There is none, if you send a burst of 9 packets each one coming from a
different mempool the first one will be dropped.
Its worse than just a drop, without debug enabled the error completion
is ignored, and the wqe_pi is taken from an invalid field, which leads
to bogus mbufs free (elts_tail is not valid).
AFAICT, it is the driver responsibility to guarantee to never deregister
a memory region that has inflight send operations posted, otherwise
the send operation *will* complete with a local protection error. Is
that taken care of?
Up to now we have assumed that the user knows its application needs and
he can increase this cache size to its needs through the configuration
item.
This way this limit and guarantee becomes true.

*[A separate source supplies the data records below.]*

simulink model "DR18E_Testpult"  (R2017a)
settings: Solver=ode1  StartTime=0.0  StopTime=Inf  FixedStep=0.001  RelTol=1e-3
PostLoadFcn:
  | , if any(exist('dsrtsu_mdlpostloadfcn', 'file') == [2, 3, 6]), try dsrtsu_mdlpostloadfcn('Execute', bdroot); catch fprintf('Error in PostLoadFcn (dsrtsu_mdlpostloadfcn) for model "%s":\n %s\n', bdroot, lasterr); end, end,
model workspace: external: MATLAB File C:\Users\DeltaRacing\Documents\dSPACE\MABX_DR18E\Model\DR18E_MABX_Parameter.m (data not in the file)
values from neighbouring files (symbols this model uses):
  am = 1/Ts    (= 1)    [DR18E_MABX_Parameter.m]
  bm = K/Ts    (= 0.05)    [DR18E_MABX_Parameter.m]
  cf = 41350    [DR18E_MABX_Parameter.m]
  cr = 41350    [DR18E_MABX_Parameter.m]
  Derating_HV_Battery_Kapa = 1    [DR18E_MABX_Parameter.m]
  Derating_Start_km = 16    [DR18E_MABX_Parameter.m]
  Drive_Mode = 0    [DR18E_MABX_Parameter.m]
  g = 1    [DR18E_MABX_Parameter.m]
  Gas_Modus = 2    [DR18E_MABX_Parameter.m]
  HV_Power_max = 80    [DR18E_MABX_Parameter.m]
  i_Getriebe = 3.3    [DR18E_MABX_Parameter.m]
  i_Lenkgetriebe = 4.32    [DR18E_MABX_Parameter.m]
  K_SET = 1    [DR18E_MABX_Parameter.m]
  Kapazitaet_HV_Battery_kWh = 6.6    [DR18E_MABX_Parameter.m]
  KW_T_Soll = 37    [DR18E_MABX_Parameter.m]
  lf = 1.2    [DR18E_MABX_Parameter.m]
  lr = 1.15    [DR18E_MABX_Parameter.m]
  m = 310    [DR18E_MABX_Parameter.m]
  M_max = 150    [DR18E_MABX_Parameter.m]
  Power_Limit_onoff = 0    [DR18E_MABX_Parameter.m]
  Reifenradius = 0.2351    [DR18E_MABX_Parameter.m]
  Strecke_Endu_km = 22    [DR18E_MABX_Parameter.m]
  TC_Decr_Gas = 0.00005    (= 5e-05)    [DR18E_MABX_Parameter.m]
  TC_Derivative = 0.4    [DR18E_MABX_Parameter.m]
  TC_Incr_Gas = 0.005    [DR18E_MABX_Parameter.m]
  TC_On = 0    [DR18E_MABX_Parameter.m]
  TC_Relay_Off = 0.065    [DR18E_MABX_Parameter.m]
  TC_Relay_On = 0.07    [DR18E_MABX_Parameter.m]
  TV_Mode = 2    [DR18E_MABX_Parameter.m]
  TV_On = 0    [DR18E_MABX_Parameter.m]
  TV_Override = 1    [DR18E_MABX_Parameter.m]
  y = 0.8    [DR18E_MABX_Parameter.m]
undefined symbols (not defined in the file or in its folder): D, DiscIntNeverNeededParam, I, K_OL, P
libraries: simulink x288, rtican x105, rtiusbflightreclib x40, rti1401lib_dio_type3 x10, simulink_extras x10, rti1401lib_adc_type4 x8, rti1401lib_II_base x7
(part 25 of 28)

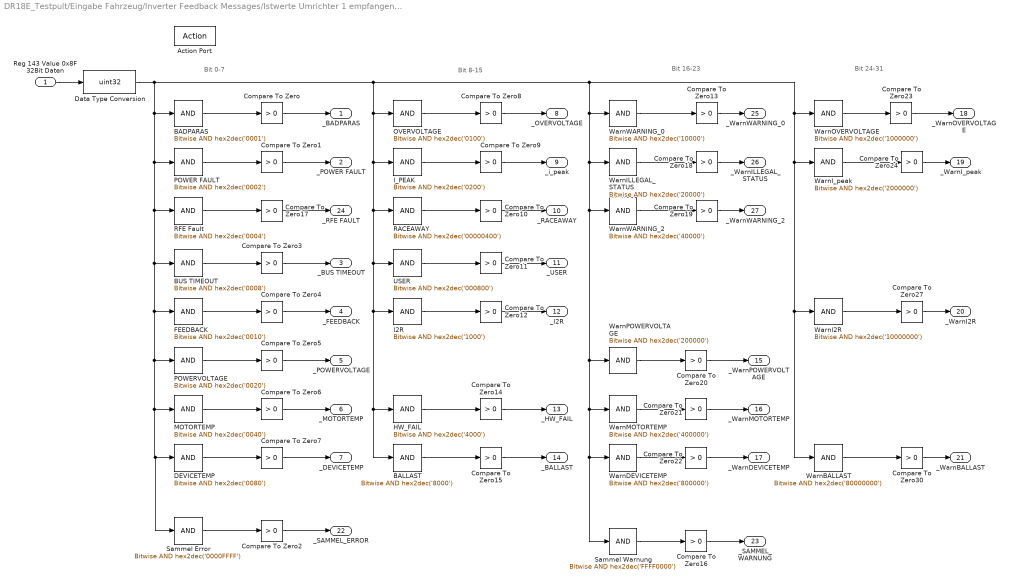
== system DR18E_Testpult/Eingabe Fahrzeug/Inverter Feedback Messages/Istwerte Umrichter 1 empfangen /Reg ID: 0x8F ERROR//Warning Register Auswertung1 ==
  note: Bit 0-7
  note: Bit 8-15
  note: Bit 16-23
  note: Bit 24-31
  Reg 143 Value 0x8F 32Bit Daten : Inport
  Action Port : ActionPort  ActionType=case
  BADPARAS : simulink/Logic and Bit Operations/Bitwise Operator  logicop=AND  UseBitMask=on  BitMask=hex2dec('0001')  BitMaskRealWorld=Stored Integer
  BALLAST : simulink/Logic and Bit Operations/Bitwise Operator  logicop=AND  UseBitMask=on  BitMask=hex2dec('8000')  BitMaskRealWorld=Stored Integer
  BUS TIMEOUT : simulink/Logic and Bit Operations/Bitwise Operator  logicop=AND  UseBitMask=on  BitMask=hex2dec('0008')  BitMaskRealWorld=Stored Integer
  Compare To Zero{,1..24,27,30} (27 alike) : simulink/Logic and Bit Operations/Compare To Zero  relop=>  OutDataTypeStr=boolean
  DEVICETEMP : simulink/Logic and Bit Operations/Bitwise Operator  logicop=AND  UseBitMask=on  BitMask=hex2dec('0080')  BitMaskRealWorld=Stored Integer
  Data Type Conversion : DataTypeConversion  OutDataTypeStr=uint32
  FEEDBACK : simulink/Logic and Bit Operations/Bitwise Operator  logicop=AND  UseBitMask=on  BitMask=hex2dec('0010')  BitMaskRealWorld=Stored Integer
  HW_FAIL : simulink/Logic and Bit Operations/Bitwise Operator  logicop=AND  UseBitMask=on  BitMask=hex2dec('4000')  BitMaskRealWorld=Stored Integer
  I2R : simulink/Logic and Bit Operations/Bitwise Operator  logicop=AND  UseBitMask=on  BitMask=hex2dec('1000')  BitMaskRealWorld=Stored Integer
  I_PEAK : simulink/Logic and Bit Operations/Bitwise Operator  logicop=AND  UseBitMask=on  BitMask=hex2dec('0200')  BitMaskRealWorld=Stored Integer
  MOTORTEMP : simulink/Logic and Bit Operations/Bitwise Operator  logicop=AND  UseBitMask=on  BitMask=hex2dec('0040')  BitMaskRealWorld=Stored Integer
  OVERVOLTAGE : simulink/Logic and Bit Operations/Bitwise Operator  logicop=AND  UseBitMask=on  BitMask=hex2dec('0100')  BitMaskRealWorld=Stored Integer
  POWER FAULT : simulink/Logic and Bit Operations/Bitwise Operator  logicop=AND  UseBitMask=on  BitMask=hex2dec('0002')  BitMaskRealWorld=Stored Integer
  POWERVOLTAGE : simulink/Logic and Bit Operations/Bitwise Operator  logicop=AND  UseBitMask=on  BitMask=hex2dec('0020')  BitMaskRealWorld=Stored Integer
  RACEAWAY : simulink/Logic and Bit Operations/Bitwise Operator  logicop=AND  UseBitMask=on  BitMask=hex2dec('00000400')  BitMaskRealWorld=Stored Integer
  RFE Fault : simulink/Logic and Bit Operations/Bitwise Operator  logicop=AND  UseBitMask=on  BitMask=hex2dec('0004')  BitMaskRealWorld=Stored Integer
  Sammel Error : simulink/Logic and Bit Operations/Bitwise Operator  logicop=AND  UseBitMask=on  BitMask=hex2dec('0000FFFF')  BitMaskRealWorld=Stored Integer
  Sammel Warnung : simulink/Logic and Bit Operations/Bitwise Operator  logicop=AND  UseBitMask=on  BitMask=hex2dec('FFFF0000')  BitMaskRealWorld=Stored Integer
  USER : simulink/Logic and Bit Operations/Bitwise Operator  logicop=AND  UseBitMask=on  BitMask=hex2dec('000800')  BitMaskRealWorld=Stored Integer
  WarnBALLAST : simulink/Logic and Bit Operations/Bitwise Operator  logicop=AND  UseBitMask=on  BitMask=hex2dec('80000000')  BitMaskRealWorld=Stored Integer
  WarnDEVICETEMP : simulink/Logic and Bit Operations/Bitwise Operator  logicop=AND  UseBitMask=on  BitMask=hex2dec('800000')  BitMaskRealWorld=Stored Integer
  WarnI2R : simulink/Logic and Bit Operations/Bitwise Operator  logicop=AND  UseBitMask=on  BitMask=hex2dec('10000000')  BitMaskRealWorld=Stored Integer
  WarnILLEGAL_STATUS : simulink/Logic and Bit Operations/Bitwise Operator  logicop=AND  UseBitMask=on  BitMask=hex2dec('20000')  BitMaskRealWorld=Stored Integer
  WarnI_peak : simulink/Logic and Bit Operations/Bitwise Operator  logicop=AND  UseBitMask=on  BitMask=hex2dec('2000000')  BitMaskRealWorld=Stored Integer
  WarnMOTORTEMP : simulink/Logic and Bit Operations/Bitwise Operator  logicop=AND  UseBitMask=on  BitMask=hex2dec('400000')  BitMaskRealWorld=Stored Integer
  WarnOVERVOLTAGE : simulink/Logic and Bit Operations/Bitwise Operator  logicop=AND  UseBitMask=on  BitMask=hex2dec('1000000')  BitMaskRealWorld=Stored Integer
  WarnPOWERVOLTAGE : simulink/Logic and Bit Operations/Bitwise Operator  logicop=AND  UseBitMask=on  BitMask=hex2dec('200000')  BitMaskRealWorld=Stored Integer
  WarnWARNING_0 : simulink/Logic and Bit Operations/Bitwise Operator  logicop=AND  UseBitMask=on  BitMask=hex2dec('10000')  BitMaskRealWorld=Stored Integer
  WarnWARNING_2 : simulink/Logic and Bit Operations/Bitwise Operator  logicop=AND  UseBitMask=on  BitMask=hex2dec('40000')  BitMaskRealWorld=Stored Integer
  _BADPARAS : Outport
  _POWER FAULT : Outport  Port=2
  _BUS TIMEOUT : Outport  Port=3
  _FEEDBACK : Outport  Port=4
  _POWERVOLTAGE : Outport  Port=5
  _MOTORTEMP : Outport  Port=6
  _DEVICETEMP : Outport  Port=7
  _OVERVOLTAGE : Outport  Port=8
  _i_peak : Outport  Port=9
  _RACEAWAY : Outport  Port=10
  _USER : Outport  Port=11
  _I2R : Outport  Port=12
  _HW_FAIL : Outport  Port=13
  _BALLAST : Outport  Port=14
  _WarnPOWERVOLTAGE : Outport  Port=15
  _WarnMOTORTEMP : Outport  Port=16
  _WarnDEVICETEMP : Outport  Port=17
  _WarnOVERVOLTAGE : Outport  Port=18
  _WarnI_peak : Outport  Port=19
  _WarnI2R : Outport  Port=20
  _WarnBALLAST : Outport  Port=21
  _SAMMEL_ERROR : Outport  Port=22
  _SAMMEL_WARNUNG : Outport  Port=23
  _RFE FAULT : Outport  Port=24
  _WarnWARNING_0 : Outport  Port=25
  _WarnILLEGAL_STATUS : Outport  Port=26
  _WarnWARNING_2 : Outport  Port=27
  wires:
  Compare To Zero16/1 -> _SAMMEL_WARNUNG/1
  Sammel Warnung/1 -> Compare To Zero16/1
  Compare To Zero2/1 -> _SAMMEL_ERROR/1
  Sammel Error/1 -> Compare To Zero2/1
  Compare To Zero30/1 -> _WarnBALLAST/1
  Compare To Zero27/1 -> _WarnI2R/1
  Reg 143 Value 0x8F 32Bit Daten/1 -> Data Type Conversion/1
  WarnBALLAST/1 -> Compare To Zero30/1
  WarnI2R/1 -> Compare To Zero27/1
  Compare To Zero24/1 -> _WarnI_peak/1
  WarnI_peak/1 -> Compare To Zero24/1
  Compare To Zero23/1 -> _WarnOVERVOLTAGE/1
  Compare To Zero22/1 -> _WarnDEVICETEMP/1
  Compare To Zero21/1 -> _WarnMOTORTEMP/1
  Compare To Zero20/1 -> _WarnPOWERVOLTAGE/1
  WarnOVERVOLTAGE/1 -> Compare To Zero23/1
  WarnDEVICETEMP/1 -> Compare To Zero22/1
  WarnMOTORTEMP/1 -> Compare To Zero21/1
  WarnPOWERVOLTAGE/1 -> Compare To Zero20/1
  Compare To Zero15/1 -> _BALLAST/1
  Compare To Zero14/1 -> _HW_FAIL/1
  Compare To Zero12/1 -> _I2R/1
  Compare To Zero11/1 -> _USER/1
  Compare To Zero10/1 -> _RACEAWAY/1
  Compare To Zero9/1 -> _i_peak/1
  Compare To Zero8/1 -> _OVERVOLTAGE/1
  BALLAST/1 -> Compare To Zero15/1
  HW_FAIL/1 -> Compare To Zero14/1
  I2R/1 -> Compare To Zero12/1
  USER/1 -> Compare To Zero11/1
  RACEAWAY/1 -> Compare To Zero10/1
  I_PEAK/1 -> Compare To Zero9/1
  OVERVOLTAGE/1 -> Compare To Zero8/1
  Compare To Zero7/1 -> _DEVICETEMP/1
  Compare To Zero6/1 -> _MOTORTEMP/1
  Compare To Zero5/1 -> _POWERVOLTAGE/1
  Compare To Zero4/1 -> _FEEDBACK/1
  Compare To Zero3/1 -> _BUS TIMEOUT/1
  Compare To Zero1/1 -> _POWER FAULT/1
  Compare To Zero/1 -> _BADPARAS/1
  DEVICETEMP/1 -> Compare To Zero7/1
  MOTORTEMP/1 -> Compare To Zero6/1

That is an undocumented assumption.
Another question, why is the MR cache maintained per TX queue and not
per device? If the application starts N TX queues then a single mempool
will be registered N times instead of just once. Having lots of MR
instances will pollute the device ICMC pretty badly. Am I missing
something?
Having this cache per device needs a lock on the device structure while
threads are sending packets.
Not sure why it needs a lock at all. it *may* need an rcu protection
or rw_lock if at all.
Having such locks cost cycles, that is why
the cache is per queue. Another point is, having several mempool per
device is something common, whereas having several mempool per queues is
not, it seems logical to have this cache per queue for those two
reasons.
I am currently re-working this part of the code to improve it using
reference counters instead. The cache will remain for performance
purpose. This will fix the issues you are pointing.
AFAICT, all this caching mechanism is just working around the fact
that mlx5 allocates resources on top of the existing verbs interface.
I think it should work like any other pmd driver, i.e. use mbuf the
physical addresses.
The mlx5 device (like all other rdma devices) has a global DMA lkey that
spans the entire physical address space. Just about all the kernel
drivers heavily use this lkey. IMO, the mlx5_pmd driver should be able
to query the kernel what this lkey is and ask for the kernel to create
the QP with privilege level to post send/recv operations with that lkey.
And then, mlx5_pmd becomes like other drivers working with physical
addresses instead of working around the memory registration sub-optimally.
And while were on the subject, what is the plan of detaching mlx5_pmd
from its MLNX_OFED dependency? Mellanox has been doing a good job
upstreaming the needed features (rdma-core). CC'ing Leon (who is
co-maintaining the user-space rdma tree.